What to produce: A faithful transcription of all the entries below is needed, without the pictures.

Records provided:

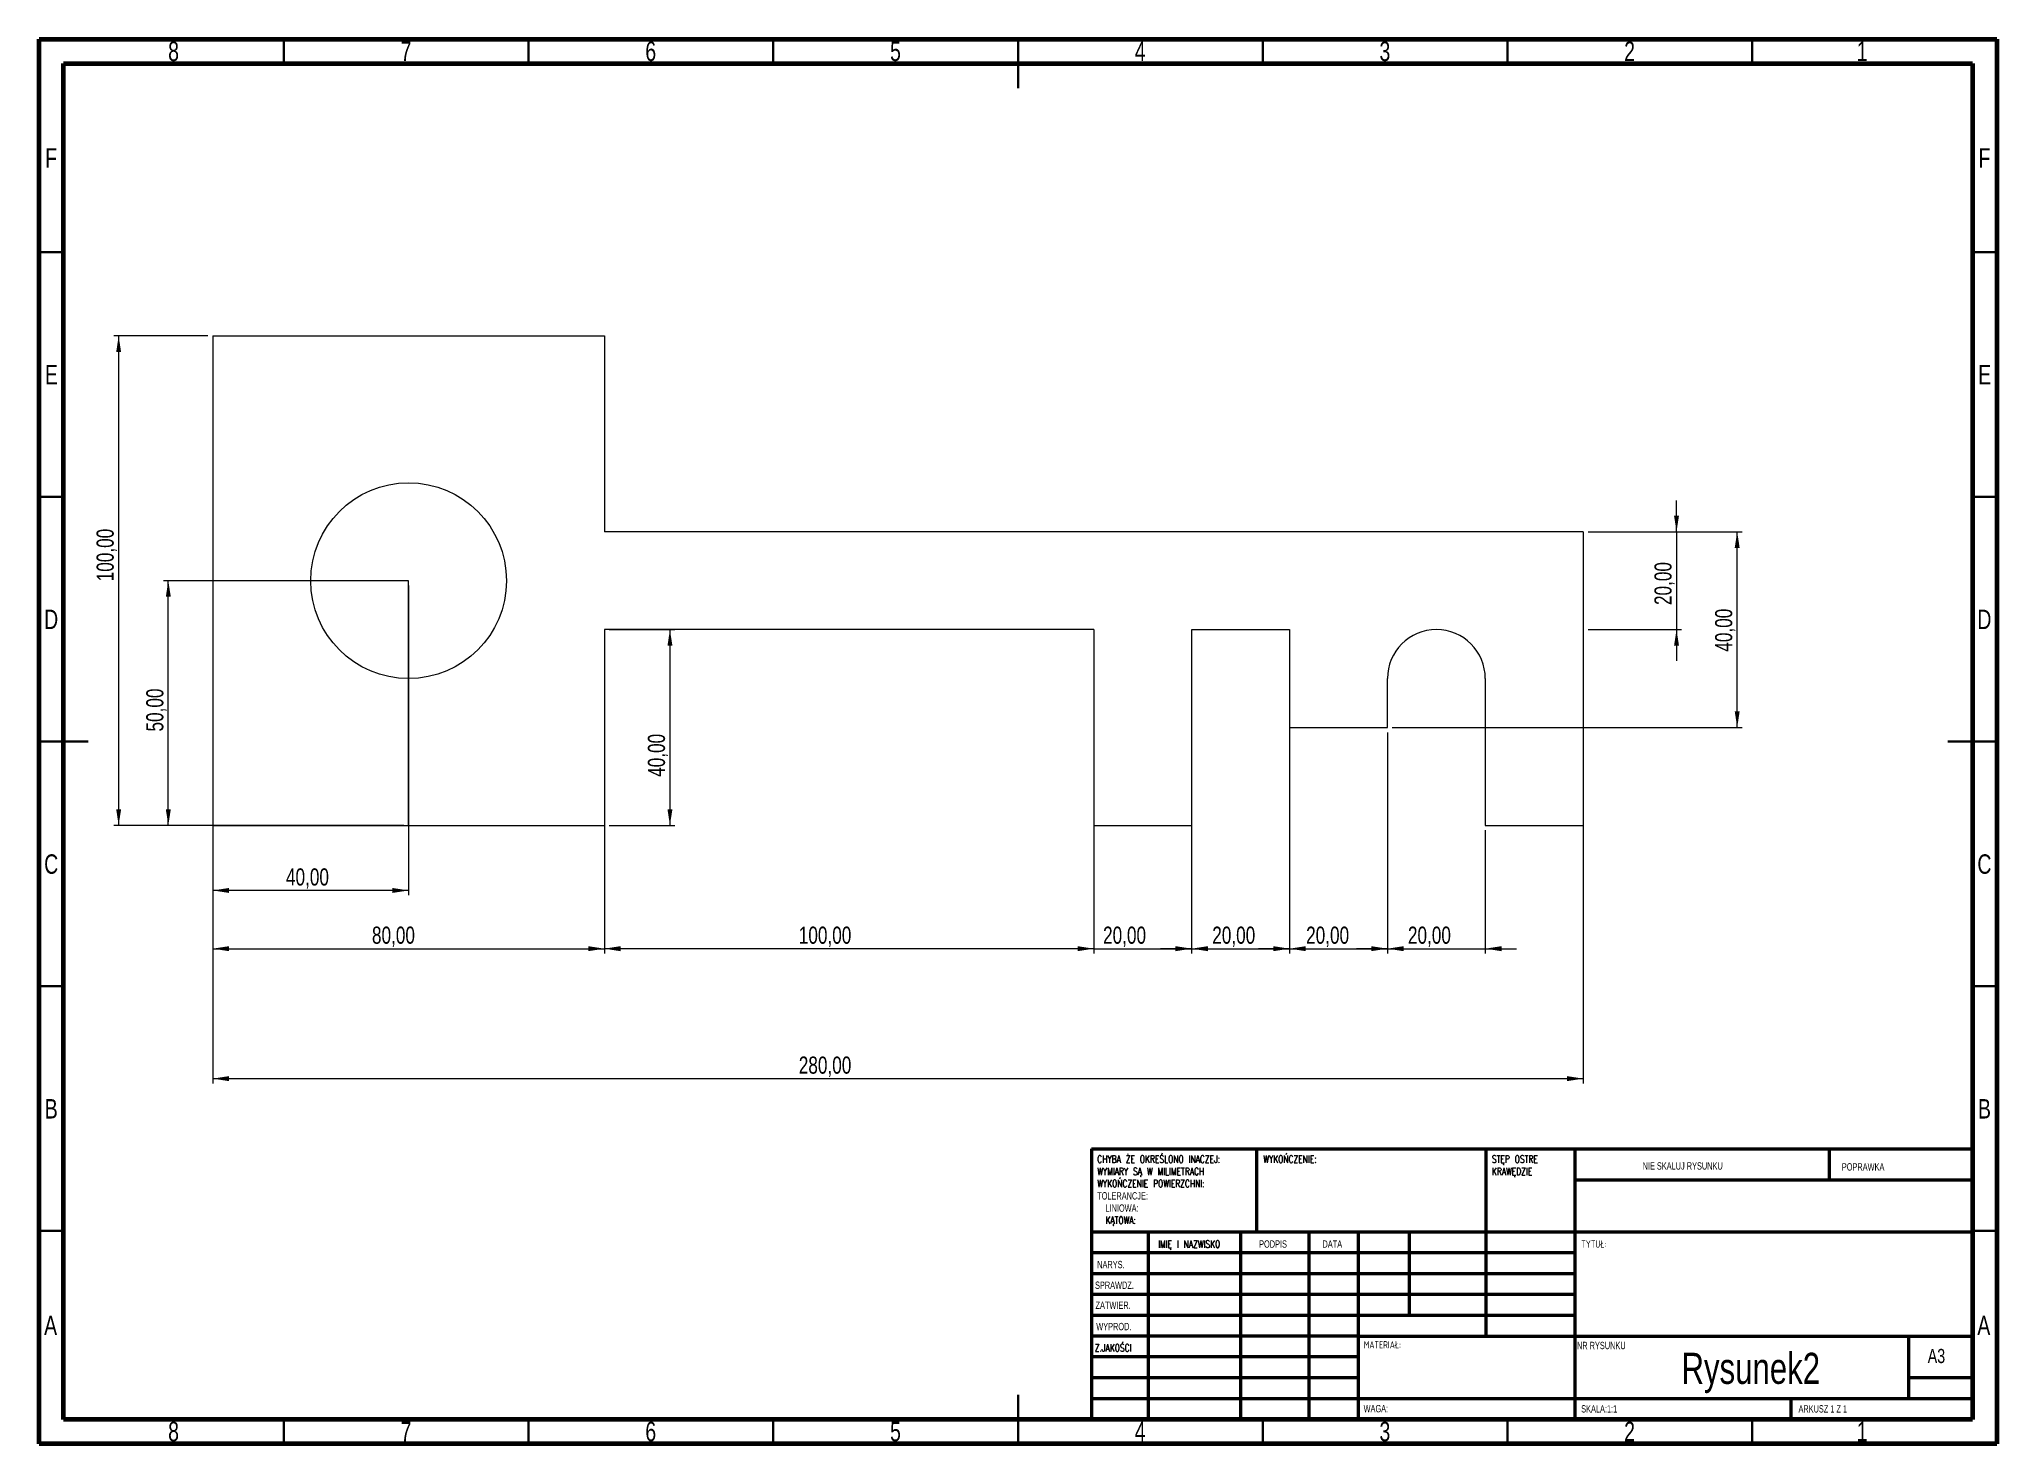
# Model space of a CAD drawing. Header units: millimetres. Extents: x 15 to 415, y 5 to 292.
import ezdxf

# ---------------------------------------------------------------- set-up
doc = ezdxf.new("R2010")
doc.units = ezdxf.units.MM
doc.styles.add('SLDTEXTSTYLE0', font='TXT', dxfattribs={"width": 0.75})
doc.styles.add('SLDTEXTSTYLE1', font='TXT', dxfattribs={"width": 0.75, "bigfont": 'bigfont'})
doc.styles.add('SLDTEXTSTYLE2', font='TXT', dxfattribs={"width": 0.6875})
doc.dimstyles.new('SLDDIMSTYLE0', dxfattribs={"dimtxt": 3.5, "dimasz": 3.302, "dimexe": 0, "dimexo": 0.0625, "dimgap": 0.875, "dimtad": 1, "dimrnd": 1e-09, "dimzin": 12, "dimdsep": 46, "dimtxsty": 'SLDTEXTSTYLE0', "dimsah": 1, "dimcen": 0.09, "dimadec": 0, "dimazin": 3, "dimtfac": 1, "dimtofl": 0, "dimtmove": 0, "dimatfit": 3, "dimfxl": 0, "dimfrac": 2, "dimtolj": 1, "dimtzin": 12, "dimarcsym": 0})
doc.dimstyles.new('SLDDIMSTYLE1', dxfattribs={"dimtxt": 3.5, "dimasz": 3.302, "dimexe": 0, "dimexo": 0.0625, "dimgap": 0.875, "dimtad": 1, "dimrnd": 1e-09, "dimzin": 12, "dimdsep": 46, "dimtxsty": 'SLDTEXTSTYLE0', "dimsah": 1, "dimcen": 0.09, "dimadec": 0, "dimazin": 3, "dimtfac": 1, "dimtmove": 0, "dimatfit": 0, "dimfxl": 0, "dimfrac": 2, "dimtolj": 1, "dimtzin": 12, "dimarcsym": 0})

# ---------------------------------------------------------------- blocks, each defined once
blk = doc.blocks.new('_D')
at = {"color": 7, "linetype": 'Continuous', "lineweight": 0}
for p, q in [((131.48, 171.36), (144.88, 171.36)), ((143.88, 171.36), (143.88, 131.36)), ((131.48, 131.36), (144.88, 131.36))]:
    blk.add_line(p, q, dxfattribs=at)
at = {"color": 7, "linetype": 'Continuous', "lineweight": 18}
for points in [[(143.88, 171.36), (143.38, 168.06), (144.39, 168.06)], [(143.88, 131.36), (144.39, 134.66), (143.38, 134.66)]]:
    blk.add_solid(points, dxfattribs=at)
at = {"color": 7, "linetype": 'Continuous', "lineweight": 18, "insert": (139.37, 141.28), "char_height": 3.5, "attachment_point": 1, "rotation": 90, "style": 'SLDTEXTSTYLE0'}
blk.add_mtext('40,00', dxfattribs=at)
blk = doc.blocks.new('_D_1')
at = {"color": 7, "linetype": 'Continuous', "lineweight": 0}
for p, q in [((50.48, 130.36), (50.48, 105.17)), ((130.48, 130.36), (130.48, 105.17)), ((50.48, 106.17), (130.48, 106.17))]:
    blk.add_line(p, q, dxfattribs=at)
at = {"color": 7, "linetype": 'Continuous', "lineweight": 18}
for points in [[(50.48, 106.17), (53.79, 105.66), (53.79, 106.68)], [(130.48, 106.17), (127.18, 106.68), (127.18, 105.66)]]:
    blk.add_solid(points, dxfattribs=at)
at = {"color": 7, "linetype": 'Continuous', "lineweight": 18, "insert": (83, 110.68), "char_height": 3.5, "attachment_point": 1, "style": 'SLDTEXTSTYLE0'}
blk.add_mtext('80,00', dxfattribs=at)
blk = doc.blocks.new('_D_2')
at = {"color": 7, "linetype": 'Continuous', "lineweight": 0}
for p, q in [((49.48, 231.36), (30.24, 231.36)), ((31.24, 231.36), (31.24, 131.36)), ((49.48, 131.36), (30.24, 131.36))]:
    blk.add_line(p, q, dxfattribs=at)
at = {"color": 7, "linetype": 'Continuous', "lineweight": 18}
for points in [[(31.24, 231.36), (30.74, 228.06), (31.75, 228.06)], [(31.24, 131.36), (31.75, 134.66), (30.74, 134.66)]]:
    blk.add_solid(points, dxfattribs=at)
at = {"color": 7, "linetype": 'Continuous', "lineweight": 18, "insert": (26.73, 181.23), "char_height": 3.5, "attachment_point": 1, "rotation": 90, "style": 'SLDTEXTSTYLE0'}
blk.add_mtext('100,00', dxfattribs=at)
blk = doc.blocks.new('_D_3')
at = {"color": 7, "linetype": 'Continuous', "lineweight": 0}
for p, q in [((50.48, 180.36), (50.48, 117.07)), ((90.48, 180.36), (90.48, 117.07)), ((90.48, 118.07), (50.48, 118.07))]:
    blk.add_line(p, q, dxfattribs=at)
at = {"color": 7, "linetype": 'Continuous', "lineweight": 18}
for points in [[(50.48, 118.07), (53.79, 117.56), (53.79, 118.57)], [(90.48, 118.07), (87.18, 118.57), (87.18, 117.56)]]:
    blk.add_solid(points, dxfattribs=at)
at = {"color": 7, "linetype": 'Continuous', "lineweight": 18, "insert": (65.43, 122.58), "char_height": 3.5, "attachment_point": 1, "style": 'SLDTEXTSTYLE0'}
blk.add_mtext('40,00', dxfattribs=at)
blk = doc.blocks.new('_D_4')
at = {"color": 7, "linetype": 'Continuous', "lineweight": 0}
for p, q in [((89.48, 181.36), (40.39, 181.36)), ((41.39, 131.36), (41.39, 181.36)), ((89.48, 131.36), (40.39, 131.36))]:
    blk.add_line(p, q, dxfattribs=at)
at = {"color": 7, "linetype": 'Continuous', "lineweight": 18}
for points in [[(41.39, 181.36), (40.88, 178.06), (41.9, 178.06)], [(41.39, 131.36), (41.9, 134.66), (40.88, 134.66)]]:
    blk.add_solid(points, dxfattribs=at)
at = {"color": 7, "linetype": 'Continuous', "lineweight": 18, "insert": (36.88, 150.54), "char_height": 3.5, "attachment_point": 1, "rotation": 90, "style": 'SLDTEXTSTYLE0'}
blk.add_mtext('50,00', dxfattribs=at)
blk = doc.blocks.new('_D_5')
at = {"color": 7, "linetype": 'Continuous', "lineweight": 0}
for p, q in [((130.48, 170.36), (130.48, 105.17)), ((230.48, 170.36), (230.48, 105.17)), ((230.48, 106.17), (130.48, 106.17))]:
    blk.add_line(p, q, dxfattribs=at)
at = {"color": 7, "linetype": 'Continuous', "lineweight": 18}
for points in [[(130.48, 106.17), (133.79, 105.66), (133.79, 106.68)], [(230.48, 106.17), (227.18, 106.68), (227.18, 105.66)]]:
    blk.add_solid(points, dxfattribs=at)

Result for this exercise:
# Model space of a CAD drawing. Header units: millimetres. Extents: x 15 to 415, y 5 to 292.
import ezdxf

# ---------------------------------------------------------------- set-up
doc = ezdxf.new("R2010")
doc.units = ezdxf.units.MM
doc.styles.add('SLDTEXTSTYLE0', font='TXT', dxfattribs={"width": 0.75})
doc.styles.add('SLDTEXTSTYLE1', font='TXT', dxfattribs={"width": 0.75, "bigfont": 'bigfont'})
doc.styles.add('SLDTEXTSTYLE2', font='TXT', dxfattribs={"width": 0.6875})
doc.dimstyles.new('SLDDIMSTYLE0', dxfattribs={"dimtxt": 3.5, "dimasz": 3.302, "dimexe": 0, "dimexo": 0.0625, "dimgap": 0.875, "dimtad": 1, "dimrnd": 1e-09, "dimzin": 12, "dimdsep": 46, "dimtxsty": 'SLDTEXTSTYLE0', "dimsah": 1, "dimcen": 0.09, "dimadec": 0, "dimazin": 3, "dimtfac": 1, "dimtofl": 0, "dimtmove": 0, "dimatfit": 3, "dimfxl": 0, "dimfrac": 2, "dimtolj": 1, "dimtzin": 12, "dimarcsym": 0})
doc.dimstyles.new('SLDDIMSTYLE1', dxfattribs={"dimtxt": 3.5, "dimasz": 3.302, "dimexe": 0, "dimexo": 0.0625, "dimgap": 0.875, "dimtad": 1, "dimrnd": 1e-09, "dimzin": 12, "dimdsep": 46, "dimtxsty": 'SLDTEXTSTYLE0', "dimsah": 1, "dimcen": 0.09, "dimadec": 0, "dimazin": 3, "dimtfac": 1, "dimtmove": 0, "dimatfit": 0, "dimfxl": 0, "dimfrac": 2, "dimtolj": 1, "dimtzin": 12, "dimarcsym": 0})

# ---------------------------------------------------------------- blocks, each defined once
blk = doc.blocks.new('_D')
at = {"color": 7, "linetype": 'Continuous', "lineweight": 0}
for p, q in [((131.48, 171.36), (144.88, 171.36)), ((143.88, 171.36), (143.88, 131.36)), ((131.48, 131.36), (144.88, 131.36))]:
    blk.add_line(p, q, dxfattribs=at)
at = {"color": 7, "linetype": 'Continuous', "lineweight": 18}
for points in [[(143.88, 171.36), (143.38, 168.06), (144.39, 168.06)], [(143.88, 131.36), (144.39, 134.66), (143.38, 134.66)]]:
    blk.add_solid(points, dxfattribs=at)
at = {"color": 7, "linetype": 'Continuous', "lineweight": 18, "insert": (139.37, 141.28), "char_height": 3.5, "attachment_point": 1, "rotation": 90, "style": 'SLDTEXTSTYLE0'}
blk.add_mtext('40,00', dxfattribs=at)
blk = doc.blocks.new('_D_1')
at = {"color": 7, "linetype": 'Continuous', "lineweight": 0}
for p, q in [((50.48, 130.36), (50.48, 105.17)), ((130.48, 130.36), (130.48, 105.17)), ((50.48, 106.17), (130.48, 106.17))]:
    blk.add_line(p, q, dxfattribs=at)
at = {"color": 7, "linetype": 'Continuous', "lineweight": 18}
for points in [[(50.48, 106.17), (53.79, 105.66), (53.79, 106.68)], [(130.48, 106.17), (127.18, 106.68), (127.18, 105.66)]]:
    blk.add_solid(points, dxfattribs=at)
at = {"color": 7, "linetype": 'Continuous', "lineweight": 18, "insert": (83, 110.68), "char_height": 3.5, "attachment_point": 1, "style": 'SLDTEXTSTYLE0'}
blk.add_mtext('80,00', dxfattribs=at)
blk = doc.blocks.new('_D_2')
at = {"color": 7, "linetype": 'Continuous', "lineweight": 0}
for p, q in [((49.48, 231.36), (30.24, 231.36)), ((31.24, 231.36), (31.24, 131.36)), ((49.48, 131.36), (30.24, 131.36))]:
    blk.add_line(p, q, dxfattribs=at)
at = {"color": 7, "linetype": 'Continuous', "lineweight": 18}
for points in [[(31.24, 231.36), (30.74, 228.06), (31.75, 228.06)], [(31.24, 131.36), (31.75, 134.66), (30.74, 134.66)]]:
    blk.add_solid(points, dxfattribs=at)
at = {"color": 7, "linetype": 'Continuous', "lineweight": 18, "insert": (26.73, 181.23), "char_height": 3.5, "attachment_point": 1, "rotation": 90, "style": 'SLDTEXTSTYLE0'}
blk.add_mtext('100,00', dxfattribs=at)
blk = doc.blocks.new('_D_3')
at = {"color": 7, "linetype": 'Continuous', "lineweight": 0}
for p, q in [((50.48, 180.36), (50.48, 117.07)), ((90.48, 180.36), (90.48, 117.07)), ((90.48, 118.07), (50.48, 118.07))]:
    blk.add_line(p, q, dxfattribs=at)
at = {"color": 7, "linetype": 'Continuous', "lineweight": 18}
for points in [[(50.48, 118.07), (53.79, 117.56), (53.79, 118.57)], [(90.48, 118.07), (87.18, 118.57), (87.18, 117.56)]]:
    blk.add_solid(points, dxfattribs=at)
at = {"color": 7, "linetype": 'Continuous', "lineweight": 18, "insert": (65.43, 122.58), "char_height": 3.5, "attachment_point": 1, "style": 'SLDTEXTSTYLE0'}
blk.add_mtext('40,00', dxfattribs=at)
blk = doc.blocks.new('_D_4')
at = {"color": 7, "linetype": 'Continuous', "lineweight": 0}
for p, q in [((89.48, 181.36), (40.39, 181.36)), ((41.39, 131.36), (41.39, 181.36)), ((89.48, 131.36), (40.39, 131.36))]:
    blk.add_line(p, q, dxfattribs=at)
at = {"color": 7, "linetype": 'Continuous', "lineweight": 18}
for points in [[(41.39, 181.36), (40.88, 178.06), (41.9, 178.06)], [(41.39, 131.36), (41.9, 134.66), (40.88, 134.66)]]:
    blk.add_solid(points, dxfattribs=at)
at = {"color": 7, "linetype": 'Continuous', "lineweight": 18, "insert": (36.88, 150.54), "char_height": 3.5, "attachment_point": 1, "rotation": 90, "style": 'SLDTEXTSTYLE0'}
blk.add_mtext('50,00', dxfattribs=at)
blk = doc.blocks.new('_D_5')
at = {"color": 7, "linetype": 'Continuous', "lineweight": 0}
for p, q in [((130.48, 170.36), (130.48, 105.17)), ((230.48, 170.36), (230.48, 105.17)), ((230.48, 106.17), (130.48, 106.17))]:
    blk.add_line(p, q, dxfattribs=at)
at = {"color": 7, "linetype": 'Continuous', "lineweight": 18}
for points in [[(130.48, 106.17), (133.79, 105.66), (133.79, 106.68)], [(230.48, 106.17), (227.18, 106.68), (227.18, 105.66)]]:
    blk.add_solid(points, dxfattribs=at)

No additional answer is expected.